Spinocerebellar ataxias (SCAs) are dominant, late onset hereditary disorders characterized by a progressive ataxia that is variably associated with other neurological symptoms. The clinical hallmarks result from a progressive degenerative process that mostly affects the cerebellum, brainstem and spinal cord. To date at least 25 different loci are associated with SCAs and related diseases. A large number of SCAs are caused by expanded CAG repeats within protein coding regions leading to polyglutamine tracts.

Early detection of these disorders would enable both more effective diagnosis and treatment as well as a better understanding of pathogenesis and pathophysiological processes. Therefore, we need easily accessible markers, which should i) differentiate between patients with different SCA types and ii) be detectable allready in a preclinical state of disease progression.

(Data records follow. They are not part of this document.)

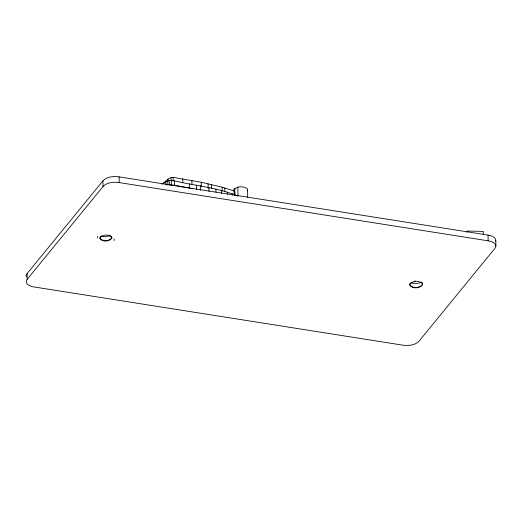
<?xml version="1.0" encoding="UTF-8"?>
<svg xmlns="http://www.w3.org/2000/svg" width="522" height="522" viewBox="0 0 522 522"><rect width="100%" height="100%" fill="white"/><g stroke="black" fill="none" stroke-linecap="round" stroke-linejoin="round"><path stroke-width="0.78" d="M495.704 241.144C496.376 237.073 491.176 235.566 488.057 235.109L119.133 176.88C113.62 176.103 106.938 176.527 102.925 180.86L27.092 273.619L26.217 275.185L26.198 276.771M495.9 246.051L494.869 248.42L419.036 341.179C414.938 345.388 408.354 345.871 402.827 345.159L33.91 286.93C30.322 286.826 23.816 283.55 27.164 279.329L102.997 186.569C107.003 182.237 113.692 181.813 119.205 182.589L488.122 240.818C491.13 241.334 495.515 242.423 495.9 246.051L495.828 240.348M99.983 237.921C102.338 234.378 109.274 233.934 111.845 237.406M111.845 237.764C109.49 241.308 102.553 241.751 99.983 238.28M410.266 283.107L409.698 285.136C412.315 289.071 419.832 288.503 422.513 284.836L422.579 283.609L421.424 282.128M409.77 284.314C412.452 280.647 419.975 280.073 422.585 284.014M422.513 284.431C419.825 288.098 412.308 288.673 409.698 284.731M466.466 232.179L467.379 231.063L483.235 231.39L483.274 234.332M101.157 236.075L99.976 237.517L99.983 238.684C102.56 242.156 109.49 241.712 111.852 238.162L111.434 236.283M162.068 184.168L168.019 179.072L171.118 177.558L173.115 177.336L201.198 182.256L222.098 187.189L234.11 190.954L234.815 193.094M163.229 183.731C166.244 180.971 170.387 179.535 174.394 180.84C195.221 185.93 217.674 187.405 237.458 195.985M110.605 235.755L104.694 236.681L101.105 236.172M422.109 282.304L417.391 283.459L410.847 283.009M414.455 281.227L415.551 281.064M189.375 183.724L189.427 188.116L174.446 185.238L169.343 184.905L169.291 180.514M190.223 188.272L192.592 188.729M488.057 235.109L488.122 240.818M247.617 190.138L247.702 197.283M237.875 187.13L237.986 196.259M234.763 188.514L234.835 194.608M234.646 192.031L234.685 195.065M234.11 190.954L234.156 194.745M232.323 193.695L232.342 195.163M227.344 192.116L227.37 194.308M224.767 188.024L224.812 191.822M222.098 187.189L222.144 190.987M221.348 190.563L221.38 193.492M215.932 189.297L215.971 192.227M211.332 184.599L211.377 188.396M208.97 187.783L209.009 191.443M208.102 183.822L208.161 188.377M201.198 182.256L201.257 186.811M200.611 185.884L200.663 190.282M196.494 185.088L196.546 189.486M191.887 180.403L191.933 184.201M182.733 178.857L182.778 182.648M174.394 180.84L174.446 185.238M173.115 177.336L173.16 181.127M171.32 180.358L171.373 184.749M171.118 177.558L171.151 180.599M168.019 179.072L168.038 180.592M167.81 180.853L167.869 185.245M165.918 181.845L165.957 184.775M119.133 176.88L119.205 182.589M114.142 238.939L114.168 240.59M102.925 180.86L102.997 186.569M97.673 236.342L97.699 237.986M27.092 273.619L27.164 279.329M247.213 190.935A6.884 3.106 -0.7 0 0 245.451 187.594A6.884 3.106 -0.7 0 0 237.901 187.124L234.313 188.899A6.884 3.106 -0.7 0 0 233.98 190.497"/></g></svg>
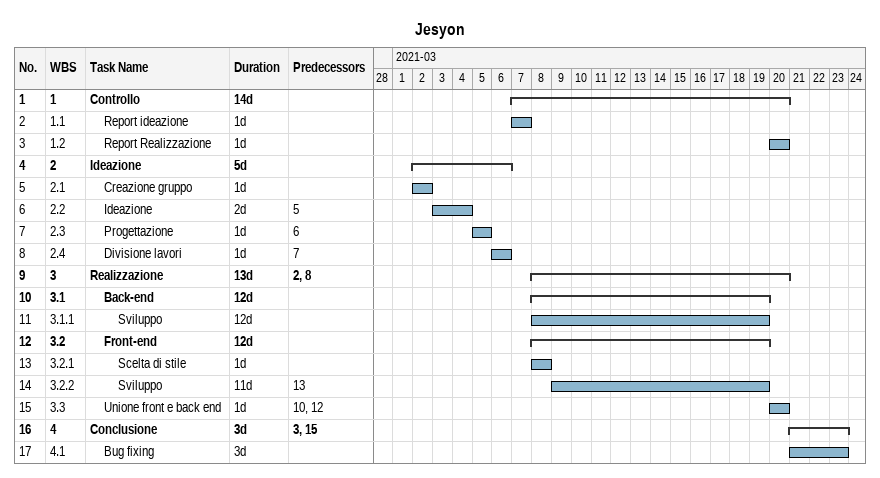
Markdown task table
Jesyon

| ID | WBS | Task | Duration | Start | Finish | Predecessors |
|---|---|---|---|---|---|---|
| 1 | 1 | **Controllo** | 14d | 2021-03-07 | 2021-03-20 |  |
| 2 | 1.1 | Report ideazione | 1d | 2021-03-07 | 2021-03-07 |  |
| 3 | 1.2 | Report Realizzazione | 1d | 2021-03-20 | 2021-03-20 |  |
| 4 | 2 | **Ideazione** | 5d | 2021-03-02 | 2021-03-06 |  |
| 5 | 2.1 | Creazione gruppo | 1d | 2021-03-02 | 2021-03-02 |  |
| 6 | 2.2 | Ideazione | 2d | 2021-03-03 | 2021-03-04 | 5 |
| 7 | 2.3 | Progettazione | 1d | 2021-03-05 | 2021-03-05 | 6 |
| 8 | 2.4 | Divisione lavori | 1d | 2021-03-06 | 2021-03-06 | 7 |
| 9 | 3 | **Realizzazione** | 13d | 2021-03-08 | 2021-03-20 | 2, 8 |
| 10 | 3.1 | **Back-end** | 12d | 2021-03-08 | 2021-03-19 |  |
| 11 | 3.1.1 | Sviluppo | 12d | 2021-03-08 | 2021-03-19 |  |
| 12 | 3.2 | **Front-end** | 12d | 2021-03-08 | 2021-03-19 |  |
| 13 | 3.2.1 | Scelta di stile | 1d | 2021-03-08 | 2021-03-08 |  |
| 14 | 3.2.2 | Sviluppo | 11d | 2021-03-09 | 2021-03-19 | 13 |
| 15 | 3.3 | Unione front e back end | 1d | 2021-03-20 | 2021-03-20 | 10, 12 |
| 16 | 4 | **Conclusione** | 3d | 2021-03-21 | 2021-03-23 | 3, 15 |
| 17 | 4.1 | Bug fixing | 3d | 2021-03-21 | 2021-03-23 |  |

To achive this goal, we collected peripheral blood (PaxGene) of patients with six different SCA types as well as controls for expression profiling. Here we report the results for SCA1, 2, 3 and 6. First, we established a protocol to reduce the globin messages with magnetic beads. After hybridization of the U133 plus 2.0 Affymetrix array, expression profiles for both controls and SCA patients were analysed. Differentially expressed genes were determined that can distinguish between control samples and SCA patients as well as a set of genes which seperates SCA3 from SCA6 patients. Microarray results were validated using real-competitive RT-PCR.